● **Your goal**: In the data below, retype exactly the line that contains "longer IC1.8 (PB5/CLKO/XTAL2/OC1BW/ADC8/PCINT13)" and every line after it, through the last.

(Records from a collection)

· · · ·

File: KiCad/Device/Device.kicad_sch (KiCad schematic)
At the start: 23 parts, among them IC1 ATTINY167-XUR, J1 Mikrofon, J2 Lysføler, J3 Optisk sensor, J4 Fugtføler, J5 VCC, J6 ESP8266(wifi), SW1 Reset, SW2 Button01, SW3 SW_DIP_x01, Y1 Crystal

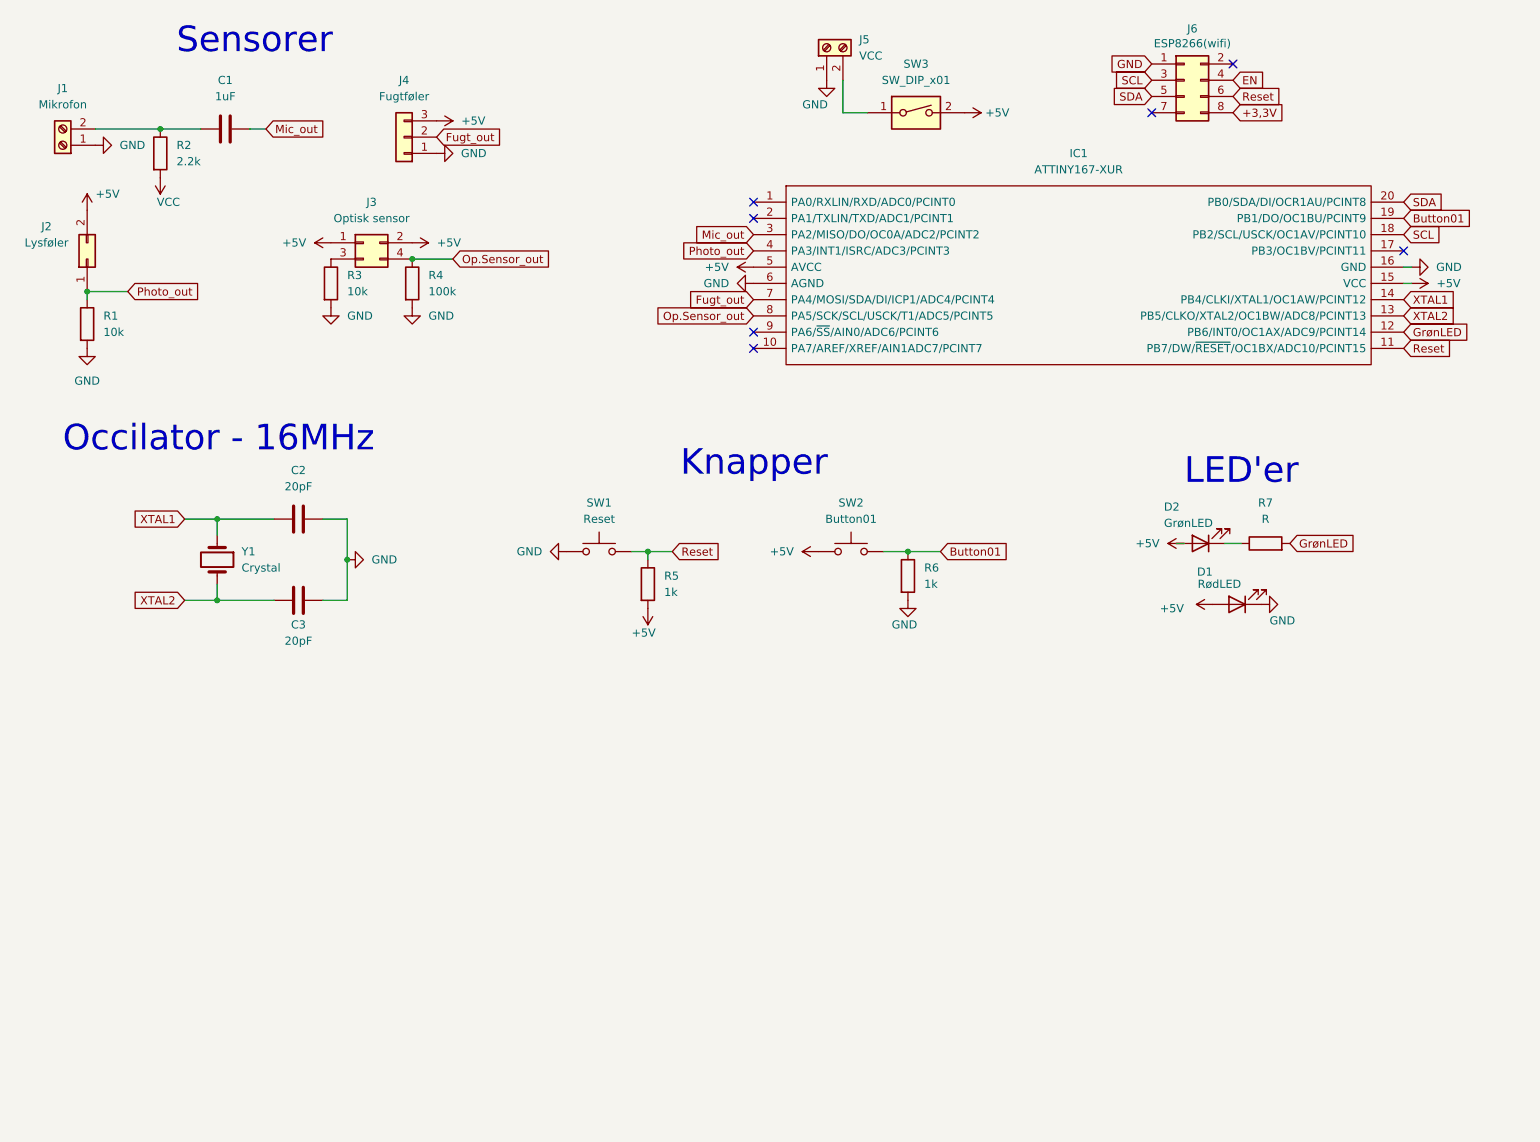
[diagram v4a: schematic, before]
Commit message: Opdatering af device kicad
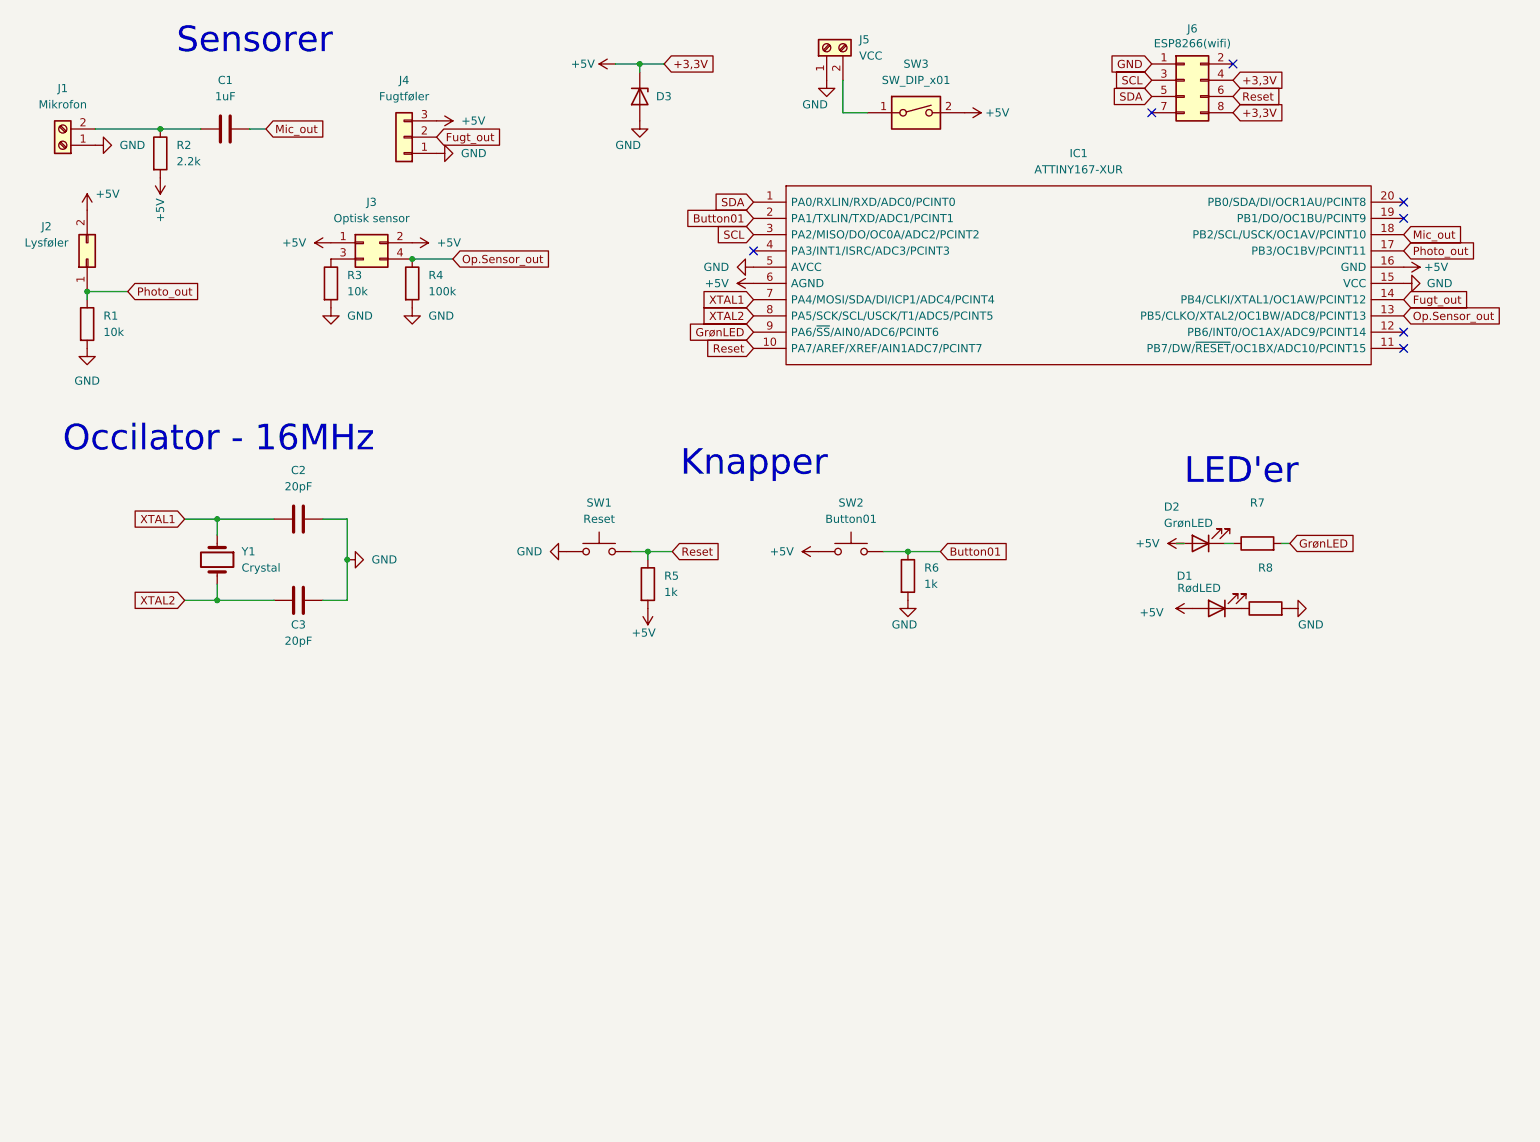
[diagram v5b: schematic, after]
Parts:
- added D3: (no value), symbol Device:D_Zener
- added R8: (no value), Resistor_THT:R_Axial_DIN0309_L9.0mm_D3.2mm_P12.70mm_Horizontal, symbol Device:R
- C1, C2, C3: footprint (none) -> Capacitor_THT:C_Disc_D5.0mm_W2.5mm_P5.00mm
- D1, D2: footprint (none) -> LED_THT:LED_D3.0mm_FlatTop
- IC1: footprint victorkicad:SOIC127P1034X264-20N -> (none)
- J1, J5: footprint (none) -> Connector_Phoenix_MC_HighVoltage:PhoenixContact_MCV_1,5_2-G-5.08_1x02_P5.08mm_Vertical
- J2: footprint (none) -> Connector_PinSocket_2.54mm:PinSocket_2x01_P2.54mm_Vertical
- J3: footprint (none) -> Connector_PinSocket_2.54mm:PinSocket_2x02_P2.54mm_Vertical
- J4: footprint (none) -> Connector_PinSocket_2.54mm:PinSocket_1x03_P2.54mm_Vertical
- J6: footprint (none) -> Connector_PinSocket_2.54mm:PinSocket_2x04_P2.54mm_Vertical
- R1, R2, R3, R4, R5, R6: footprint (none) -> Resistor_THT:R_Axial_DIN0309_L9.0mm_D3.2mm_P12.70mm_Horizontal
- R7: value R -> (none); footprint (none) -> Resistor_THT:R_Axial_DIN0309_L9.0mm_D3.2mm_P12.70mm_Horizontal
- SW1, SW2: footprint Button_Switch_SMD:SW_MEC_5GSH9 -> Button_Switch_THT:SW_PUSH_6mm_H4.3mm
- SW3: footprint (none) -> Button_Switch_THT:SW_DIP_SPSTx02_Slide_9.78x7.26mm_W7.62mm_P2.54mm
- Y1: footprint (none) -> Crystal:Crystal_HC18-U_Vertical
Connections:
- net +3,3V is gone; now on net +5V: J6.8 (Pin_8)
- net EN is gone; now on net +5V: J6.4 (Pin_4)
- net VCC is gone; now on net +5V: R2.2
- net +5V: now also IC1.16 (GND), IC1.6 (AGND), D3.1 (K); no longer IC1.15 (VCC), IC1.5 (AVCC)
- net Button01: now also IC1.2 (PA1/TXLIN/TXD/ADC1/PCINT1); no longer IC1.19 (PB1/DO/OC1BU/PCINT9)
- net Fugt_out: now also IC1.14 (PB4/CLKI/XTAL1/OC1AW/PCINT12); no longer IC1.7 (PA4/MOSI/SDA/DI/ICP1/ADC4/PCINT4)
- net GND: now also IC1.15 (VCC), IC1.5 (AVCC), D3.2 (A), R8.2; no longer D1.1 (K), IC1.16 (GND), IC1.6 (AGND)
- net GrønLED: now also IC1.9 (PA6/~{SS}/AIN0/ADC6/PCINT6); no longer IC1.12 (PB6/INT0/OC1AX/ADC9/PCINT14)
- net Mic_out: now also IC1.18 (PB2/SCL/USCK/OC1AV/PCINT10); no longer IC1.3 (PA2/MISO/DO/OC0A/ADC2/PCINT2)
- net Op.Sensor_out: now also IC1.13 (PB5/CLKO/XTAL2/OC1BW/ADC8/PCINT13); no longer IC1.8 (PA5/SCK/SCL/USCK/T1/ADC5/PCINT5)
- net Photo_out: now also IC1.17 (PB3/OC1BV/PCINT11); no longer IC1.4 (PA3/INT1/ISRC/ADC3/PCINT3)
- net Reset: now also IC1.10 (PA7/AREF/XREF/AIN1ADC7/PCINT7); no longer IC1.11 (PB7/DW/~{RESET}/OC1BX/ADC10/PCINT15)
- net SCL: now also IC1.3 (PA2/MISO/DO/OC0A/ADC2/PCINT2); no longer IC1.18 (PB2/SCL/USCK/OC1AV/PCINT10)
- net SDA: now also IC1.1 (PA0/RXLIN/RXD/ADC0/PCINT0); no longer IC1.20 (PB0/SDA/DI/OCR1AU/PCINT8)
- net XTAL1: now also IC1.7 (PA4/MOSI/SDA/DI/ICP1/ADC4/PCINT4); no longer IC1.14 (PB4/CLKI/XTAL1/OC1AW/PCINT12)
- net XTAL2: now also IC1.8 (PA5/SCK/SCL/USCK/T1/ADC5/PCINT5); no longer IC1.13 (PB5/CLKO/XTAL2/OC1BW/ADC8/PCINT13)
- new net: D1.1 (K), R8.1
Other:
- moved on the sheet: D1, R7

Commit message: Minor fixes
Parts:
- added C4: C, symbol Device:C
- added R9: 10-20ohm, Resistor_THT:R_Axial_DIN0309_L9.0mm_D3.2mm_P12.70mm_Horizontal, symbol Device:R
- D3: value (none) -> BZX79C3V3; footprint (none) -> Diode_SMD:D_MELF_Handsoldering
- IC1: footprint (none) -> Package_DIP:DIP-20_W7.62mm_Socket
- R7, R8: value (none) -> 200
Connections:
- net +5V: now also IC1.15 (AGND), IC1.5 (GND), R9.1; no longer D3.1 (K), IC1.16 (GND), IC1.6 (AGND), J6.4 (Pin_4), J6.8 (Pin_8)
- net Button01: now also IC1.19 (PA1/TXLIN/TXD/ADC1/PCINT1); no longer IC1.2 (PA1/TXLIN/TXD/ADC1/PCINT1)
- net Fugt_out: now also IC1.7 (PB4/CLKI/XTAL1/OC1AW/PCINT12); no longer IC1.14 (PB4/CLKI/XTAL1/OC1AW/PCINT12)
- net GND: now also IC1.16 (AVCC), IC1.6 (VCC), C4.2; no longer IC1.15 (VCC), IC1.5 (AVCC)
- net GrønLED: now also IC1.12 (PA6/~{SS}/AIN0/ADC6/PCINT6); no longer IC1.9 (PA6/~{SS}/AIN0/ADC6/PCINT6)
- net Mic_out: now also IC1.3 (PB2/SCL/USCK/OC1AV/PCINT10); no longer IC1.18 (PB2/SCL/USCK/OC1AV/PCINT10)
- net Op.Sensor_out: now also IC1.8 (PB5/CLKO/XTAL2/OC1BW/ADC8/PCINT13); no longer IC1.13 (PB5/CLKO/XTAL2/OC1BW/ADC8/PCINT13)
- net Photo_out: now also IC1.4 (PB3/OC1BV/PCINT11); no longer IC1.17 (PB3/OC1BV/PCINT11)
- net Reset: now also IC1.11 (PA7/AREF/XREF/AIN1ADC7/PCINT7); no longer IC1.10 (PA7/AREF/XREF/AIN1ADC7/PCINT7)
- net SCL: now also IC1.18 (PA2/MISO/DO/OC0A/ADC2/PCINT2); no longer IC1.3 (PA2/MISO/DO/OC0A/ADC2/PCINT2)
- net SDA: now also IC1.20 (PA0/RXLIN/RXD/ADC0/PCINT0); no longer IC1.1 (PA0/RXLIN/RXD/ADC0/PCINT0)
- net XTAL1: now also IC1.14 (PA4/MOSI/SDA/DI/ICP1/ADC4/PCINT4); no longer IC1.7 (PA4/MOSI/SDA/DI/ICP1/ADC4/PCINT4)
- net XTAL2: now also IC1.13 (PA5/SCK/SCL/USCK/T1/ADC5/PCINT5); no longer IC1.8 (PA5/SCK/SCL/USCK/T1/ADC5/PCINT5)
- new net +3,3V: C4.1, D3.1 (K), J6.4 (Pin_4), J6.8 (Pin_8), R9.2
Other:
- note added: "Strømforsyning"
- moved on the sheet: C2, C3, D1, D2, D3, J5, J6, R5, R6, R7, R8, SW1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

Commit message: fix ic
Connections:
- net +5V: now also IC1.16 (AVCC), IC1.6 (VCC); no longer IC1.15 (AGND), IC1.5 (GND)
- net Button01: now also IC1.2 (PB1/DO/OC1BU/PCINT9); no longer IC1.19 (PA1/TXLIN/TXD/ADC1/PCINT1)
- net Fugt_out: now also IC1.14 (PA4/MOSI/SDA/DI/ICP1/ADC4/PCINT4); no longer IC1.7 (PB4/CLKI/XTAL1/OC1AW/PCINT12)
- net GND: now also IC1.15 (AGND), IC1.5 (GND); no longer IC1.16 (AVCC), IC1.6 (VCC)
- net GrønLED: now also IC1.9 (PB6/INT0/OC1AX/ADC9/PCINT14); no longer IC1.12 (PA6/~{SS}/AIN0/ADC6/PCINT6)
- net Mic_out: now also IC1.18 (PA2/MISO/DO/OC0A/ADC2/PCINT2); no longer IC1.3 (PB2/SCL/USCK/OC1AV/PCINT10)
- net Op.Sensor_out: now also IC1.13 (PA5/SCK/SCL/USCK/T1/ADC5/PCINT5); no longer IC1.8 (PB5/CLKO/XTAL2/OC1BW/ADC8/PCINT13)
- net Photo_out: now also IC1.17 (PA3/INT1/ISRC/ADC3/PCINT3); no longer IC1.4 (PB3/OC1BV/PCINT11)
- net Reset: now also IC1.10 (PB7/DW/~{RESET}/OC1BX/ADC10/PCINT15); no longer IC1.11 (PA7/AREF/XREF/AIN1ADC7/PCINT7)
- net SCL: now also IC1.3 (PB2/SCL/USCK/OC1AV/PCINT10); no longer IC1.18 (PA2/MISO/DO/OC0A/ADC2/PCINT2)
- net SDA: now also IC1.1 (PB0/SDA/DI/OCR1AU/PCINT8); no longer IC1.20 (PA0/RXLIN/RXD/ADC0/PCINT0)
- net XTAL1: now also IC1.7 (PB4/CLKI/XTAL1/OC1AW/PCINT12); no longer IC1.14 (PA4/MOSI/SDA/DI/ICP1/ADC4/PCINT4)
- net XTAL2: now also IC1.8 (PB5/CLKO/XTAL2/OC1BW/ADC8/PCINT13); no longer IC1.13 (PA5/SCK/SCL/USCK/T1/ADC5/PCINT5)

· · · ·

● **Written solution**:
- net Op.Sensor_out: now also IC1.13 (PA5/SCK/SCL/USCK/T1/ADC5/PCINT5); no longer IC1.8 (PB5/CLKO/XTAL2/OC1BW/ADC8/PCINT13)
- net Photo_out: now also IC1.17 (PA3/INT1/ISRC/ADC3/PCINT3); no longer IC1.4 (PB3/OC1BV/PCINT11)
- net Reset: now also IC1.10 (PB7/DW/~{RESET}/OC1BX/ADC10/PCINT15); no longer IC1.11 (PA7/AREF/XREF/AIN1ADC7/PCINT7)
- net SCL: now also IC1.3 (PB2/SCL/USCK/OC1AV/PCINT10); no longer IC1.18 (PA2/MISO/DO/OC0A/ADC2/PCINT2)
- net SDA: now also IC1.1 (PB0/SDA/DI/OCR1AU/PCINT8); no longer IC1.20 (PA0/RXLIN/RXD/ADC0/PCINT0)
- net XTAL1: now also IC1.7 (PB4/CLKI/XTAL1/OC1AW/PCINT12); no longer IC1.14 (PA4/MOSI/SDA/DI/ICP1/ADC4/PCINT4)
- net XTAL2: now also IC1.8 (PB5/CLKO/XTAL2/OC1BW/ADC8/PCINT13); no longer IC1.13 (PA5/SCK/SCL/USCK/T1/ADC5/PCINT5)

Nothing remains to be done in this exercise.